How a search engine finds your personal dataMikey 2 comments
This evening I walked in while a story on was being broadcast and I put all better judgement aside to actually sit down and watch, only because I heard the word 'telemarketing' spoken and that subject happens to be a pet hate of mine. Before I continue, let it be known I wouldn't watch that show on purpose otherwise.
The story centred around shady telemarketing practices, or in this case sloppy practices. Briefly, some people were contacted by a telemarketing company and offered phone deals. At the beginning of the conversation they were advised that the phone call would be recorded for training purposes, and assured that anything they said would be private. A reasonable assumption.
But what followed was surprising indeed. One customer had Googled his name and was horrified to learn that all his personal details he had given to the marketer and even a recording of the conversation were available for the world to see.
The reporter had the opportunity to explain how this could have happened, but instead decided to play the 'they put all their details onto Google' sensationalist card. To the layman that might sound feasible, but the reality is no-one 'put the details onto Google', and instead this incident is the result of the sloppy practices I mentioned earlier.

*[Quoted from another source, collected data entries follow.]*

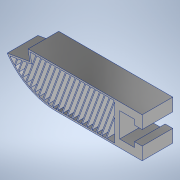
# Autodesk Inventor part: Finray_9_Kerbe_10deg_20deg20inf_PLA
Saved by Autodesk Inventor 2022 (Build 260153000, 153)
## iProperties
Created: 2022-02-28
Part Number: Finray_9_Kerbe_10deg_20deg20inf_PLA
Material: Generic
Document SubType Name: Modeling
Designer: richa
Density: 1 g/cm^3
Appearance: Aluminum - Flat
Author: richa
Autodesk Inventor part; units mm, degrees
ref_plane "YZ Plane" through (0, 0, 0) normal (1, 0, 0) x (0, 1, 0)
ref_plane "XZ Plane" through (0, 0, 0) normal (0, 1, 0) x (-1, 0, 0)
ref_plane "XY Plane" through (0, 0, 0) normal (0, 0, 1) x (1, 0, 0)
sketch "Sketch5" plane through (0, 0, 0) normal (0, 0, 1) x (1, 0, 0)
  line L0 (52.8, -15.6) -> (52.8, -10.6)
  line L1 (52.8, -10.6) -> (49.8, -10.6)
  line L2 (49.8, -10.6) -> (49.8, -12.6)
  line L3 (44, -12.6) -> (44, -3)
  line L4 (49.8, -3) -> (49.8, -5)
  line L5 (49.8, -5) -> (52.8, -5)
  line L6 (52.8, -5) -> (52.8, 0)
  line L7 (52.8, 0) -> (7.8, 0)
  line L8 (44, -3) -> (49.8, -3)
  line L9 (44, -12.6) -> (49.8, -12.6)
  line L10 (52.8, -15.6) -> (7.8, -15.6)
  line L11 (7.8, -15.6) -> (0, -15.6)
  line L12 (0, -15.6) -> (0, 0)
  line L13 (0, 0) -> (7.8, 0)
  point P0 (7.8, 0)
  dimension "d41" = 5.8
  dimension "d48" = 44
  dimension "d50" = 3
  dimension "d63" = 45
  dimension "d71" = 0
  dimension "d87" = 5.6
  dimension "d88" = 9.6
  dimension "d97" = 15.6
  constraints: 28 end point, 8 perpendicular, 4 collinear, 3 parallel, 2 horizontal, 1 vertical
  measures "d41" distance between parallel lines of L2 L3
  measures "d48" distance from line of L3 L12.end
  measures "d50" distance of L4.end L5.end
  measures "d63" distance of L0.start L10.end
  measures "d71" distance from line of L12.end L7
  measures "d87" distance from line of L0.end L5
  measures "d88" distance of L3.start L3.end
  measures "d97" distance of L11.end L12.end
extrude "Extrusion2" add sketch "Sketch5" along normal blind 12
sketch "Sketch8" plane through (0, 0, 0) normal (0, 0, -1) x (-1, 0, 0)
  line L0 (-8.1687, 0) -> (-8.8633, -3.9392)
  line L1 (-7.8, 0) -> (-1.143, 0) construction
  line L2 (0, -5.5021) -> (-8.8633, -3.9392)
  line L3 (-7.8, 0) -> (-8.1687, 0)
  line L4 (0, 0) -> (0, -15.6) projected
  line L5 (-52.8, 0) -> (0, 0) projected
  line L6 (-7.8, 0) -> (0, 0)
  line L7 (0, 0) -> (0, -5.5021)
  dimension "d80" = 100
  dimension "d95" = 4
  dimension "d96" = 9
  constraints: 12 end point, 2 collinear, 2 perpendicular, 1 horizontal, 1 point on line
  measures "d80" angle of L0 L1
  measures "d95" distance of L0.start L0.end
  measures "d96" distance of L2.start L0.end
extrude "Extrusion5" cut sketch "Sketch8" against normal through all
fillet "Fillet2" radius 23 1 edges at (0, -15.6, 6)
shell "Shell1" thickness 0.62 removed faces 1 at (23.9679, -7.5131, 12)
sketch "Sketch13" plane through (0, 0, 12) normal (0, 0, 1) x (1, 0, 0)
  line L0 (19.0404, -15.6) -> (52.8, -15.6) projected
  line L1 (42.0526, -15.6) -> (42.0526, 0)
  line L2 (52.8, 0) -> (8.1687, 0) projected
  line L3 (52.8, 0) -> (8.1687, 0) projected
  line L4 (52.8, -5) -> (52.8, 0) projected
  line L5 (49.8, -5) -> (52.8, -5) projected
  line L6 (49.8, -3) -> (49.8, -5) projected
  line L7 (44, -3) -> (49.8, -3) projected
  line L8 (44, -12.6) -> (44, -3) projected
  line L9 (49.8, -12.6) -> (44, -12.6) projected
  line L10 (49.8, -10.6) -> (49.8, -12.6) projected
  line L11 (52.8, -10.6) -> (49.8, -10.6) projected
  line L12 (52.8, -15.6) -> (52.8, -10.6) projected
  line L13 (42.0526, 0) -> (52.8, 0)
  line L14 (52.8, -5) -> (52.8, 0) projected
  line L15 (52.8, -5) -> (52.8, 0)
  line L16 (52.8, 0) -> (52.8, -5)
  line L17 (44, -12.6) -> (44, -3) projected
  line L18 (44, -3) -> (44, -12.6)
  line L19 (49.8, -12.6) -> (44, -12.6) projected
  line L20 (44, -12.6) -> (49.8, -12.6)
  line L21 (43.38, -13.22) -> (50.42, -13.22) projected
  line L22 (52.8, -10.6) -> (52.8, -15.6)
  line L23 (52.8, -15.6) -> (42.0526, -15.6)
  line L24 (44, -3) -> (49.8, -3) projected
  line L25 (44, -3) -> (49.8, -3)
  line L26 (49.8, -3) -> (49.8, -5)
  line L27 (49.8, -5) -> (52.8, -5)
  line L28 (52.8, -10.6) -> (49.8, -10.6)
  line L29 (49.8, -10.6) -> (49.8, -12.6)
  point P0 (0, 0)
  dimension "d102" = 10.7474
  constraints: 26 end point, 10 collinear, 2 point on line, 2 vertical, 1 parallel
  measures "d102" distance between parallel lines of L4 L1
extrude "Extrusion7" add sketch "Sketch13" against normal blind 12
sketch "Sketch14" plane through (8.9076, -0.62, 0.62) normal (0, 0, 1) x (1, 0, 0)
  line L0 (33.145, -14.36) -> (33.145, 0) projected
  line L1 (33.145, 0) -> (0, 0) projected
  line L2 (0.6739, -3.8221) -> (0, 0) projected
  line L3 (-7.835, -5.3225) -> (0.6739, -3.8221) projected
  arc A0 (-7.835, -5.3225) -> (10.1328, -14.36) centre (10.1328, 8.02) ccw projected
  line L4 (10.1328, -14.36) -> (33.145, -14.36) projected
  point P0 (-8.9076, 0.62)
extrude "Extrusion8" cut sketch "Sketch14" against normal blind 12
sketch "Sketch15" plane through (0, 0, 12) normal (0, 0, 1) x (1, 0, 0)
  line L0 (42.0526, -0.62) -> (8.9076, -0.62) construction
  line L1 (19.0404, -14.98) -> (42.0526, -14.98) projected
  line L2 (43.7528, -0.49) -> (44.1099, -0.62)
  line L3 (44.1099, -0.62) -> (38.836, -15.11)
  line L4 (38.836, -15.11) -> (38.4789, -14.98)
  line L5 (38.4789, -14.98) -> (43.7528, -0.49)
  arc A0 (1.0726, -5.9425) -> (19.0404, -14.98) centre (19.0404, 7.4) ccw projected
  line L6 (42.0526, -0.62) -> (42.0526, -14.98) projected
  line L7 (1.0726, -5.9425) -> (9.5815, -4.4421) projected
  arc A1 (0, -5.5021) -> (19.0404, -15.6) centre (19.0404, 7.4) ccw projected
  line L8 (42.0526, -14.98) -> (19.0404, -14.98) projected
  line L9 (8.9076, -0.62) -> (42.0526, -0.62) projected
  line L10 (40.2999, -0.62) -> (35.0733, -14.98)
  line L11 (39.8955, -0.62) -> (34.6689, -14.98)
  line L12 (32.6799, -0.62) -> (27.4533, -14.98)
  line L13 (32.2755, -0.62) -> (27.0489, -14.98)
  line L14 (28.8699, -0.62) -> (23.6433, -14.98)
  line L15 (28.4655, -0.62) -> (23.2389, -14.98)
  line L16 (25.0599, -0.62) -> (19.8333, -14.98)
  line L17 (24.6555, -0.62) -> (19.4289, -14.98)
  line L18 (21.1404, -0.62) -> (15.9898, -14.7711)
  line L19 (17.3304, -0.62) -> (12.4634, -13.9918)
  line L20 (16.926, -0.62) -> (12.1009, -13.8769)
  line L21 (13.5204, -0.62) -> (9.135, -12.6686)
  line L22 (13.116, -0.62) -> (8.7934, -12.4963)
  line L23 (7.8054, -0.62) -> (4.5246, -9.6339)
  line L24 (7.401, -0.62) -> (4.2173, -9.3672)
  line L25 (20.736, -0.62) -> (15.6059, -14.7149)
  line L26 (36.4899, -0.62) -> (31.2633, -14.98)
  line L27 (36.0855, -0.62) -> (30.8589, -14.98)
  line L28 (41.8005, -0.62) -> (36.5739, -14.98)
  line L29 (42.2049, -0.62) -> (36.9783, -14.98)
  line L30 (37.9905, -0.62) -> (32.7639, -14.98)
  line L31 (38.3949, -0.62) -> (33.1683, -14.98)
  line L32 (34.1805, -0.62) -> (28.9539, -14.98)
  line L33 (34.5849, -0.62) -> (29.3583, -14.98)
  line L34 (30.3705, -0.62) -> (25.1439, -14.98)
  line L35 (30.7749, -0.62) -> (25.5483, -14.98)
  line L36 (26.5605, -0.62) -> (21.3339, -14.98)
  line L37 (26.9649, -0.62) -> (21.7383, -14.98)
  line L38 (22.7505, -0.62) -> (17.5422, -14.9298)
  line L39 (23.1549, -0.62) -> (17.9382, -14.9528)
  line L40 (18.831, -0.62) -> (13.8283, -14.3646)
  line L41 (19.2354, -0.62) -> (14.2014, -14.4506)
  line L42 (15.021, -0.62) -> (10.4225, -13.2542)
  line L43 (15.4254, -0.62) -> (10.7747, -13.3977)
  line L44 (11.211, -0.62) -> (7.2145, -11.6003)
  line L45 (11.6154, -0.62) -> (7.5453, -11.8023)
  line L46 (9.7104, -0.62) -> (6.0075, -10.7936)
  line L47 (9.306, -0.62) -> (5.688, -10.5604)
  line L48 (5.496, -0.62) -> (2.8075, -8.0064)
  line L49 (5.9004, -0.62) -> (3.1014, -8.3102)
  line L50 (9.5815, -4.4421) -> (8.9076, -0.62) construction
  line L51 (8.9076, -0.62) -> (-0.1181, -0.62) construction
  point P0 (0, 0)
  point P1 (38.4789, -14.98)
  point P2 (6.197, -5.0389)
  point P3 (5.7649, -5.1151)
  point P4 (38.8833, -14.98)
  point P5 (38.4789, -14.98)
  point P6 (35.0733, -14.98)
  point P7 (30.8589, -14.98)
  point P8 (31.2633, -14.98)
  point P9 (27.0489, -14.98)
  point P10 (27.4533, -14.98)
  point P11 (23.2389, -14.98)
  point P12 (23.6433, -14.98)
  point P13 (19.4289, -14.98)
  point P14 (19.8333, -14.98)
  point P15 (8.2327, -4.68)
  point P16 (7.8005, -4.7562)
  point P17 (3.7292, -5.4741)
  point P18 (4.1614, -5.3979)
  point P19 (36.9783, -14.98)
  point P20 (42.0526, -1.0384)
  point P21 (33.1683, -14.98)
  point P22 (32.7639, -14.98)
  point P23 (29.3583, -14.98)
  point P24 (28.9539, -14.98)
  point P25 (25.5483, -14.98)
  point P26 (25.1439, -14.98)
  point P27 (21.7383, -14.98)
  point P28 (21.3339, -14.98)
  dimension "d105" = 0.38
  dimension "d130" = 110
  dimension "d132" = 110
  dimension "d133" = 0.38
  dimension "d135" = 0.38
  dimension "d136" = 0.38
  dimension "d137" = 0.38
  dimension "d138" = 0.38
  dimension "d139" = 0.38
  dimension "d140" = 0.38
  dimension "d141" = 0.38
  dimension "d142" = 3.81
  dimension "d143" = 0.38
  dimension "d144" = 3.81
  dimension "d145" = 3.81
  dimension "d146" = 3.81
  dimension "d147" = 3.81
  dimension "d152" = 110
  dimension "d153" = 0.38
  dimension "d154" = 0.38
  dimension "d155" = 0.38
  dimension "d156" = 0.38
  dimension "d157" = 0.38
  dimension "d158" = 0.38
  dimension "d159" = 0.38
  dimension "d160" = 0.38
  dimension "d161" = 0.38
  dimension "d162" = 0.38
  dimension "d163" = 1.905
  dimension "d164" = 1.905
  dimension "d165" = 1.905
  dimension "d166" = 1.905
  dimension "d167" = 1.905
  dimension "d168" = 1.905
  dimension "d169" = 1.905
  dimension "d170" = 1.905
  dimension "d171" = 3.9195
  dimension "d172" = 3.81
  dimension "d173" = 3.81
  dimension "d175" = 1.905
  dimension "d180" = 0.38
  dimension "d182" = 1.905
  dimension "d183" = 1.905
  dimension "d184" = 1.905
  constraints: 90 end point, 40 parallel, 16 point on line, 1 horizontal, 1 perpendicular, 82 other
  measures "d105" distance between parallel lines of L3 L5
  measures "d130" angle of L0 L3
  measures "d132" angle of L0 L10
  measures "d133" distance between parallel lines of L10 L11
  measures "d135" distance between parallel lines of L13 L12
  measures "d136" distance between parallel lines of L15 L14
  measures "d137" distance between parallel lines of L17 L16
  measures "d138" distance between parallel lines of L25 L18
  measures "d139" distance between parallel lines of L20 L19
  measures "d140" distance between parallel lines of L22 L21
  measures "d141" distance between parallel lines of L24 L23
  measures "d142" distance of L4.end L11.end
  measures "d143" distance between parallel lines of L26 L27
  measures "d144" distance of L11.end L27.end
  measures "d145" distance of L27.end L13.end
  measures "d146" distance of L15.end L13.end
  measures "d147" distance of L15.end L17.end
  measures "d152" angle of L0 L12
  measures "d153" distance between parallel lines of L29 L28
  measures "d154" distance between parallel lines of L31 L30
  measures "d155" distance between parallel lines of L32 L33
  measures "d156" distance between parallel lines of L34 L35
  measures "d157" distance between parallel lines of L36 L37
  measures "d158" distance between parallel lines of L38 L39
  measures "d159" distance between parallel lines of L40 L41
  measures "d160" distance between parallel lines of L42 L43
  measures "d161" distance between parallel lines of L44 L45
  measures "d162" distance between parallel lines of L47 L46
  measures "d163" distance of L28.end L4.end
  measures "d164" distance of L30.end L11.end
  measures "d165" distance of L32.end L27.end
  measures "d166" distance of L13.end L34.end
  measures "d167" distance of L36.end L15.end
  measures "d168" distance of L38.start L17.start
  measures "d169" distance of L40.start L25.start
  measures "d170" distance of L42.start L20.start
  measures "d171" distance of L25.start L17.start
  measures "d172" distance of L42.start L40.start
  measures "d173" distance of L44.start L42.start
  measures "d175" distance of L22.start L42.start
  measures "d180" distance between parallel lines of L49 L48
  measures "d182" distance of L47.start L44.start
  measures "d183" distance of L47.start L24.start
  measures "d184" distance of L24.start L48.start
extrude "Extrusion9" add sketch "Sketch15" against normal blind 12 contours L17 L9 L16 L1 | A0 L38 L9 L39 | L36 L9 L37 L1 | A0 L25 L9 L18 | L15 L9 L14 L1 | A0 L40 L9 L41 | L34 L9 L35 L1 | A0 L20 L9 L19 | L13 L9 L12 L1 | A0 L42 L9 L43 | L32 L9 L33 L1 | A0 L22 L9 L21 | L27 L9 L26 L1 | A0 L44 L9 L45 | L30 L9 L31 L1 | A0 L47 L7 L46 | L11 L9 L10 L1 | A0 L24 L7 L23 | L28 L9 L6 L29 L1 | A0 L48 L7 L49 | L5 L6 L3 L1 | L5 L2 L3 L6
equation "\"l1\" = 8"
equation "\"d1\" = 0.38"
body "Solid2"

This now gives me an excuse to educate anyone who has wondered how Google (and less relevant search engines) index information. I will also demonstrate how the company in question were ignorant of the facts I am about to explain.
With this information you can protect against your personal details being in among a search result. For the purpose of this article I will use Google as an example.
Google indexes data in one of two ways. The first and most obvious that people would know (at least vaguely in some way or another) is to give the data to Google. You have a web site and you want people to find it, .
But the web site submission form is only really necessary for a couple of reasons. 1: you can't find your web site using a Google search and you want to be sure it has been indexed, and 2: you just launched your new web site and you want it to be indexed immediately and not have to wait for the search engine spiders to stop by. Search engine spiders? Read on.
A spider (also known as a web crawler or web robot) is a program written by a search engine company which simply cruises around the Internet looking for web sites and indexes everything it finds on them. Spiders will index content and also create a site map based on the links contained in your web site. So when someone performs a Google search, the query is compared against the search engine index, and relevant results are returned.
This is the crucial part to remember, that unless a link to the article exists on your web site or any other web site for that matter, it cannot possibly be returned among search engine results. Because the spider doesn't know it exists.
Let's take this site as an example. I wrote a review about the Polyview v396 monitor. At some stage I had a link on our homepage to this article. A search engine spider (which returns to this site at regular intervals) has found the link and indexed the content of the article. Do a on pretty much any search engine and this site will be first in the results.
This leads me back to the telemarketing company I mentioned at the start. The company in all likelihood wasn't submitting individual pages of details to Google, but instead were clueless when it comes to web applications.
Telemarketers, like a lot of companies, use a web based application for recording data. It is convenient because you don't have to be at the office to work. All you need is an internet connection and a browser and you can work anywhere in the world at any time.
In order for the telemarketing company to have shared the personal information of all those people, they would have had to have done something really stupid like have a link to their unprotected web application on the homepage of their web site, which is all a search engine spider needs to get in and start indexing everything it finds. It's as simple as that. If they were smart about it they could have easily prevented the Spider from indexing by adding a small file to their web directory (robots.txt, a subject for another article) which allows you to instruct it to only go to certain directories and/or to ignore others.
So let it also serve as a lesson to any amateur web site builders. Sure that site you built with Frontpage is handy for showing photos of your dirty weekend to your buddies on the other side of the country, but if your site has a hyper link to those photos, so does the rest of the world.
Read on if you want a frightening real world example.
I have even seen this happen on a professional company web site whose name I won't mention. I often use a program called wget. Wget acts very much like a search engine spider in that you give it a web site address and it looks for all the links and downloads them all, web pages, images, and files.
On the particular web site I decided to leech back in 2000, I was very surprised to see it weigh in at around 500mb when it finished downloading. Upon closer inspection I realised I had downloaded original company branding media, internal company documents and confidential pay advice information. I was able to easily trace it back to a link on one of the pages that someone thought wouldn't be found because it was white text link against a white background which led to a page that had several links to all the aforementioned content. Obviously it was meant for internal people only. I was able to bring up the same information from an Internet search.
For the record, I did advise them and deleted the files I had. The entire site was pulled down within minutes and presumably somebody got fired.